The patient comes to the hospital at 10 am with lower GI Bleeding. He is stable. He is admitted to hospitalist service at around 11 am. They start IV fluids and put a GI consult at 1 am. GI is busy doing screening colonosocpies and since the patient is stable, they do the scope at 6-7 pm. They can't find the spot. They plan to do another scope tomorrow AM. Later at 9 pm the hospitalist checks another set of Labs and the Hb is 3 units less than am number. He immediately calls IR and asks for emergent procedure. By the time you get to the hospital and call in the techs, it is 11 pm. A visceral angiogram may take up to 3 hours.

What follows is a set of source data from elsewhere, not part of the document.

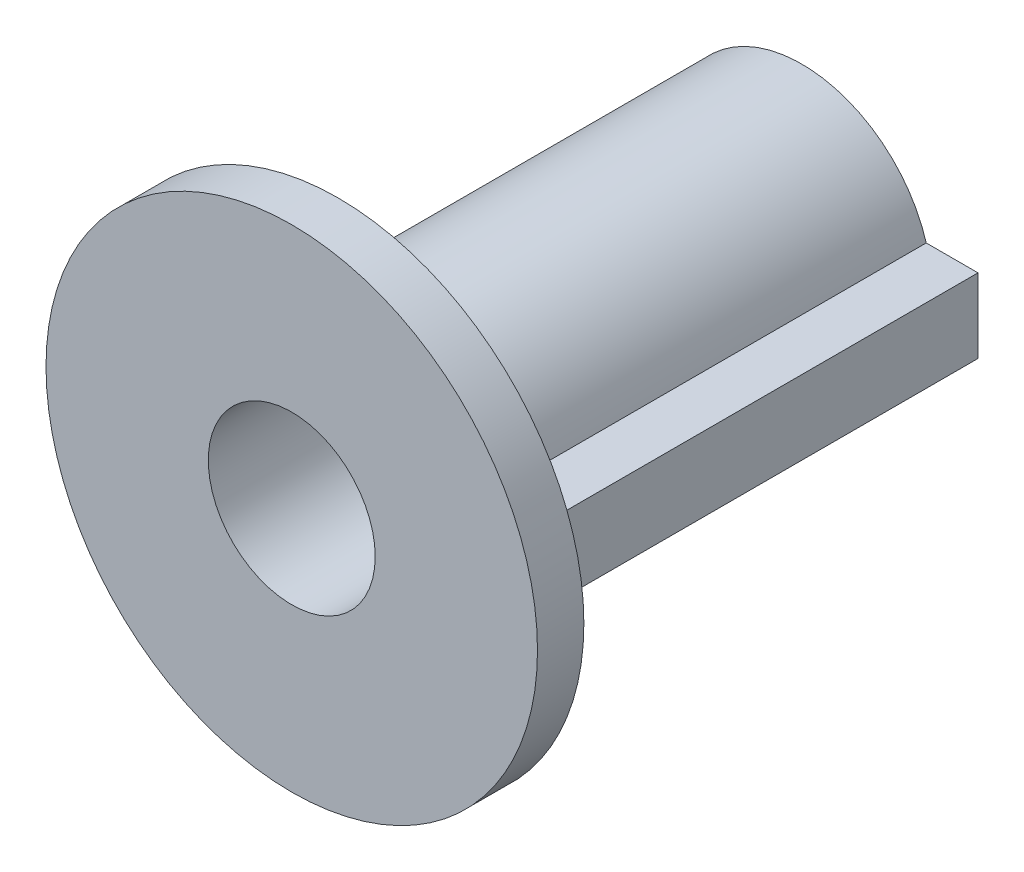
ISO-10303-21;
HEADER;
FILE_DESCRIPTION(('STEP AP214'),'2;1');
FILE_NAME('part.step','',(''),(''),'','','');
FILE_SCHEMA(('AUTOMOTIVE_DESIGN { 1 0 10303 214 1 1 1 1 }'));
ENDSEC;
DATA;
#1=APPLICATION_CONTEXT('core data for automotive mechanical design processes');
#2=APPLICATION_PROTOCOL_DEFINITION('international standard','automotive_design',2000,#1);
#3=PRODUCT_CONTEXT('',#1,'mechanical');
#4=PRODUCT('Part','Part','',(#3));
#5=PRODUCT_RELATED_PRODUCT_CATEGORY('part','',(#4));
#6=PRODUCT_DEFINITION_FORMATION('','',#4);
#7=PRODUCT_DEFINITION_CONTEXT('part definition',#1,'design');
#8=PRODUCT_DEFINITION('design','',#6,#7);
#9=PRODUCT_DEFINITION_SHAPE('','',#8);
#10=(LENGTH_UNIT() NAMED_UNIT(*) SI_UNIT(.MILLI.,.METRE.));
#11=(NAMED_UNIT(*) PLANE_ANGLE_UNIT() SI_UNIT($,.RADIAN.));
#12=(NAMED_UNIT(*) SI_UNIT($,.STERADIAN.) SOLID_ANGLE_UNIT());
#13=UNCERTAINTY_MEASURE_WITH_UNIT(LENGTH_MEASURE(1.E-05),#10,'distance_accuracy_value','');
#14=(GEOMETRIC_REPRESENTATION_CONTEXT(3) GLOBAL_UNCERTAINTY_ASSIGNED_CONTEXT((#13)) GLOBAL_UNIT_ASSIGNED_CONTEXT((#10,
#11,#12)) REPRESENTATION_CONTEXT('',''));
#15=CARTESIAN_POINT('',(0.,0.,0.));
#16=DIRECTION('',(0.,0.,1.));
#17=DIRECTION('',(1.,0.,0.));
#18=AXIS2_PLACEMENT_3D('',#15,#16,#17);
#19=CARTESIAN_POINT('',(-29.2,0.,13.655634003353));
#20=DIRECTION('',(-1.,0.,0.));
#21=DIRECTION('',(0.,0.,1.));
#22=AXIS2_PLACEMENT_3D('',#19,#20,#21);
#23=PLANE('',#22);
#24=DIRECTION('',(0.,0.,-1.));
#25=VECTOR('',#24,1.);
#26=CARTESIAN_POINT('',(-29.2,10.8,13.655634003353));
#27=LINE('',#26,#25);
#28=CARTESIAN_POINT('',(-29.2,10.8,5.));
#29=VERTEX_POINT('',#28);
#30=CARTESIAN_POINT('',(-29.2,10.8,-5.));
#31=VERTEX_POINT('',#30);
#32=EDGE_CURVE('E97',#29,#31,#27,.T.);
#33=ORIENTED_EDGE('',*,*,#32,.F.);
#34=DIRECTION('',(0.,-1.,0.));
#35=VECTOR('',#34,1.);
#36=CARTESIAN_POINT('',(-29.2,0.,5.));
#37=LINE('',#36,#35);
#38=CARTESIAN_POINT('',(-29.2,9.20000000000001,5.));
#39=VERTEX_POINT('',#38);
#40=EDGE_CURVE('E45',#29,#39,#37,.T.);
#41=ORIENTED_EDGE('',*,*,#40,.T.);
#42=DIRECTION('',(0.,0.,-1.));
#43=VECTOR('',#42,1.);
#44=CARTESIAN_POINT('',(-29.2,9.20000000000001,13.655634003353));
#45=LINE('',#44,#43);
#46=CARTESIAN_POINT('',(-29.2,9.20000000000001,-5.));
#47=VERTEX_POINT('',#46);
#48=EDGE_CURVE('E99',#39,#47,#45,.T.);
#49=ORIENTED_EDGE('',*,*,#48,.T.);
#50=DIRECTION('',(0.,-1.,0.));
#51=VECTOR('',#50,1.);
#52=CARTESIAN_POINT('',(-29.2,0.,-5.));
#53=LINE('',#52,#51);
#54=EDGE_CURVE('E112',#31,#47,#53,.T.);
#55=ORIENTED_EDGE('',*,*,#54,.F.);
#56=EDGE_LOOP('',(#33,#41,#49,#55));
#57=FACE_BOUND('',#56,.T.);
#58=ADVANCED_FACE('F41',(#57),#23,.F.);
#59=CARTESIAN_POINT('',(0.,9.20000000000001,13.655634003353));
#60=DIRECTION('',(0.,1.,0.));
#61=DIRECTION('',(0.,0.,1.));
#62=AXIS2_PLACEMENT_3D('',#59,#60,#61);
#63=PLANE('',#62);
#64=ORIENTED_EDGE('',*,*,#48,.F.);
#65=DIRECTION('',(-1.,0.,0.));
#66=VECTOR('',#65,1.);
#67=CARTESIAN_POINT('',(0.,9.20000000000001,5.));
#68=LINE('',#67,#66);
#69=CARTESIAN_POINT('',(-30.3167184270003,9.20000000000001,5.));
#70=VERTEX_POINT('',#69);
#71=EDGE_CURVE('E92',#39,#70,#68,.T.);
#72=ORIENTED_EDGE('',*,*,#71,.T.);
#73=DIRECTION('',(0.,0.,-1.));
#74=VECTOR('',#73,1.);
#75=CARTESIAN_POINT('',(-30.3167184270003,9.20000000000001,13.655634003353));
#76=LINE('',#75,#74);
#77=CARTESIAN_POINT('',(-30.3167184270003,9.20000000000001,-5.));
#78=VERTEX_POINT('',#77);
#79=EDGE_CURVE('E89',#70,#78,#76,.T.);
#80=ORIENTED_EDGE('',*,*,#79,.T.);
#81=DIRECTION('',(-1.,0.,0.));
#82=VECTOR('',#81,1.);
#83=CARTESIAN_POINT('',(0.,9.20000000000001,-5.));
#84=LINE('',#83,#82);
#85=EDGE_CURVE('E107',#47,#78,#84,.T.);
#86=ORIENTED_EDGE('',*,*,#85,.F.);
#87=EDGE_LOOP('',(#64,#72,#80,#86));
#88=FACE_BOUND('',#87,.T.);
#89=ADVANCED_FACE('F106',(#88),#63,.F.);
#90=CARTESIAN_POINT('',(-33.,10.,13.655634003353));
#91=DIRECTION('',(0.,0.,-1.));
#92=DIRECTION('',(-1.,0.,0.));
#93=AXIS2_PLACEMENT_3D('',#90,#91,#92);
#94=CYLINDRICAL_SURFACE('',#93,2.8);
#95=ORIENTED_EDGE('',*,*,#79,.F.);
#96=CARTESIAN_POINT('',(-33.,10.,5.));
#97=DIRECTION('',(0.,0.,-1.));
#98=DIRECTION('',(-1.,0.,0.));
#99=AXIS2_PLACEMENT_3D('',#96,#97,#98);
#100=CIRCLE('',#99,2.8);
#101=CARTESIAN_POINT('',(-30.3167184270003,10.8,5.));
#102=VERTEX_POINT('',#101);
#103=EDGE_CURVE('E50',#70,#102,#100,.T.);
#104=ORIENTED_EDGE('',*,*,#103,.T.);
#105=DIRECTION('',(0.,0.,-1.));
#106=VECTOR('',#105,1.);
#107=CARTESIAN_POINT('',(-30.3167184270003,10.8,13.655634003353));
#108=LINE('',#107,#106);
#109=CARTESIAN_POINT('',(-30.3167184270003,10.8,-5.));
#110=VERTEX_POINT('',#109);
#111=EDGE_CURVE('E65',#102,#110,#108,.T.);
#112=ORIENTED_EDGE('',*,*,#111,.T.);
#113=CARTESIAN_POINT('',(-33.,10.,-5.));
#114=DIRECTION('',(0.,0.,1.));
#115=DIRECTION('',(1.,0.,0.));
#116=AXIS2_PLACEMENT_3D('',#113,#114,#115);
#117=CIRCLE('',#116,2.8);
#118=EDGE_CURVE('E100',#78,#110,#117,.F.);
#119=ORIENTED_EDGE('',*,*,#118,.F.);
#120=EDGE_LOOP('',(#95,#104,#112,#119));
#121=FACE_BOUND('',#120,.T.);
#122=ADVANCED_FACE('F90',(#121),#94,.T.);
#123=CARTESIAN_POINT('',(0.,10.8,13.655634003353));
#124=DIRECTION('',(0.,-1.,0.));
#125=DIRECTION('',(0.,0.,-1.));
#126=AXIS2_PLACEMENT_3D('',#123,#124,#125);
#127=PLANE('',#126);
#128=ORIENTED_EDGE('',*,*,#111,.F.);
#129=DIRECTION('',(1.,0.,0.));
#130=VECTOR('',#129,1.);
#131=CARTESIAN_POINT('',(0.,10.8,5.));
#132=LINE('',#131,#130);
#133=EDGE_CURVE('E11',#102,#29,#132,.T.);
#134=ORIENTED_EDGE('',*,*,#133,.T.);
#135=ORIENTED_EDGE('',*,*,#32,.T.);
#136=DIRECTION('',(1.,0.,0.));
#137=VECTOR('',#136,1.);
#138=CARTESIAN_POINT('',(0.,10.8,-5.));
#139=LINE('',#138,#137);
#140=EDGE_CURVE('E88',#110,#31,#139,.T.);
#141=ORIENTED_EDGE('',*,*,#140,.F.);
#142=EDGE_LOOP('',(#128,#134,#135,#141));
#143=FACE_BOUND('',#142,.T.);
#144=ADVANCED_FACE('F43',(#143),#127,.F.);
#145=CARTESIAN_POINT('',(-33.,10.,-5.));
#146=DIRECTION('',(0.,0.,1.));
#147=DIRECTION('',(0.,-1.,0.));
#148=AXIS2_PLACEMENT_3D('',#145,#146,#147);
#149=PLANE('',#148);
#150=CARTESIAN_POINT('',(-33.,10.,-5.00000000000001));
#151=DIRECTION('',(0.,0.,1.));
#152=DIRECTION('',(1.,0.,0.));
#153=AXIS2_PLACEMENT_3D('',#150,#151,#152);
#154=CIRCLE('',#153,1.8);
#155=CARTESIAN_POINT('',(-31.2,10.,-5.00000000000001));
#156=VERTEX_POINT('',#155);
#157=EDGE_CURVE('E124',#156,#156,#154,.T.);
#158=ORIENTED_EDGE('',*,*,#157,.T.);
#159=EDGE_LOOP('',(#158));
#160=FACE_BOUND('',#159,.T.);
#161=ORIENTED_EDGE('',*,*,#140,.T.);
#162=ORIENTED_EDGE('',*,*,#54,.T.);
#163=ORIENTED_EDGE('',*,*,#85,.T.);
#164=ORIENTED_EDGE('',*,*,#118,.T.);
#165=EDGE_LOOP('',(#161,#162,#163,#164));
#166=FACE_BOUND('',#165,.T.);
#167=ADVANCED_FACE('F110',(#160,#166),#149,.F.);
#168=CARTESIAN_POINT('',(-33.,10.,6.));
#169=DIRECTION('',(0.,0.,1.));
#170=DIRECTION('',(1.,0.,0.));
#171=AXIS2_PLACEMENT_3D('',#168,#169,#170);
#172=PLANE('',#171);
#173=CARTESIAN_POINT('',(-33.,10.,6.00000000000001));
#174=DIRECTION('',(0.,0.,1.));
#175=DIRECTION('',(1.,0.,0.));
#176=AXIS2_PLACEMENT_3D('',#173,#174,#175);
#177=CIRCLE('',#176,1.79999999999999);
#178=CARTESIAN_POINT('',(-31.2,10.,6.00000000000001));
#179=VERTEX_POINT('',#178);
#180=EDGE_CURVE('E128',#179,#179,#177,.T.);
#181=ORIENTED_EDGE('',*,*,#180,.F.);
#182=EDGE_LOOP('',(#181));
#183=FACE_BOUND('',#182,.T.);
#184=CARTESIAN_POINT('',(-33.,10.,6.));
#185=DIRECTION('',(0.,0.,1.));
#186=DIRECTION('',(1.,0.,0.));
#187=AXIS2_PLACEMENT_3D('',#184,#185,#186);
#188=CIRCLE('',#187,5.3);
#189=CARTESIAN_POINT('',(-27.7,10.,6.));
#190=VERTEX_POINT('',#189);
#191=EDGE_CURVE('E119',#190,#190,#188,.T.);
#192=ORIENTED_EDGE('',*,*,#191,.T.);
#193=EDGE_LOOP('',(#192));
#194=FACE_BOUND('',#193,.T.);
#195=ADVANCED_FACE('F134',(#183,#194),#172,.T.);
#196=CARTESIAN_POINT('',(-33.,10.,5.));
#197=DIRECTION('',(0.,0.,1.));
#198=DIRECTION('',(1.,0.,0.));
#199=AXIS2_PLACEMENT_3D('',#196,#197,#198);
#200=PLANE('',#199);
#201=ORIENTED_EDGE('',*,*,#103,.F.);
#202=ORIENTED_EDGE('',*,*,#71,.F.);
#203=ORIENTED_EDGE('',*,*,#40,.F.);
#204=ORIENTED_EDGE('',*,*,#133,.F.);
#205=EDGE_LOOP('',(#201,#202,#203,#204));
#206=FACE_BOUND('',#205,.T.);
#207=CARTESIAN_POINT('',(-33.,10.,5.));
#208=DIRECTION('',(0.,0.,1.));
#209=DIRECTION('',(1.,0.,0.));
#210=AXIS2_PLACEMENT_3D('',#207,#208,#209);
#211=CIRCLE('',#210,5.3);
#212=CARTESIAN_POINT('',(-27.7,10.,5.));
#213=VERTEX_POINT('',#212);
#214=EDGE_CURVE('E116',#213,#213,#211,.T.);
#215=ORIENTED_EDGE('',*,*,#214,.F.);
#216=EDGE_LOOP('',(#215));
#217=FACE_BOUND('',#216,.T.);
#218=ADVANCED_FACE('F81',(#206,#217),#200,.F.);
#219=CARTESIAN_POINT('',(-33.,10.,6.));
#220=DIRECTION('',(0.,0.,-1.));
#221=DIRECTION('',(-1.,0.,0.));
#222=AXIS2_PLACEMENT_3D('',#219,#220,#221);
#223=CYLINDRICAL_SURFACE('',#222,5.3);
#224=ORIENTED_EDGE('',*,*,#191,.F.);
#225=EDGE_LOOP('',(#224));
#226=FACE_BOUND('',#225,.T.);
#227=ORIENTED_EDGE('',*,*,#214,.T.);
#228=EDGE_LOOP('',(#227));
#229=FACE_BOUND('',#228,.T.);
#230=ADVANCED_FACE('F142',(#226,#229),#223,.T.);
#231=CARTESIAN_POINT('',(-33.,10.,6.));
#232=DIRECTION('',(0.,0.,1.));
#233=DIRECTION('',(1.,0.,0.));
#234=AXIS2_PLACEMENT_3D('',#231,#232,#233);
#235=CYLINDRICAL_SURFACE('',#234,1.79999999999999);
#236=ORIENTED_EDGE('',*,*,#157,.F.);
#237=EDGE_LOOP('',(#236));
#238=FACE_BOUND('',#237,.T.);
#239=ORIENTED_EDGE('',*,*,#180,.T.);
#240=EDGE_LOOP('',(#239));
#241=FACE_BOUND('',#240,.T.);
#242=ADVANCED_FACE('F132',(#238,#241),#235,.F.);
#243=CLOSED_SHELL('',(#58,#89,#122,#144,#167,#195,#218,#230,#242));
#244=MANIFOLD_SOLID_BREP('B2',#243);
#245=ADVANCED_BREP_SHAPE_REPRESENTATION('',(#18,#244),#14);
#246=SHAPE_DEFINITION_REPRESENTATION(#9,#245);
ENDSEC;
END-ISO-10303-21;

Shark tells the truth here.

I'm currently on an away in IR. In the past month, I've stayed numerous times until 7 or 8 PM to put in a drain on a patient that has had signs of infection and the primary service tried "everything else" before draining the puddle in the patient's abdomen. It's not about the treatment or when it comes in, it's about when you get consulted for it. In those cases, the puddle became an "emergency" at around 5 - 5:15 PM.
 
Exactly.

I remember a massive variceal bleeder who coded in the ED at 11am. Needed 25 units PRBC's. The GI guys ordered a Minnesota tube (google it) to tampenade the bleed. They scoped or planned for scope, I forgot the details. But anyways finally around 6 or 7 pm they consult IR for an emergent TIPS.

Holy crap, practically the exact same scenario happened where I work except this was on a kid...
 
Given that emergent cases are often high-risk cases, what's the malpractice risk like with IR? Is it much worse than with DR?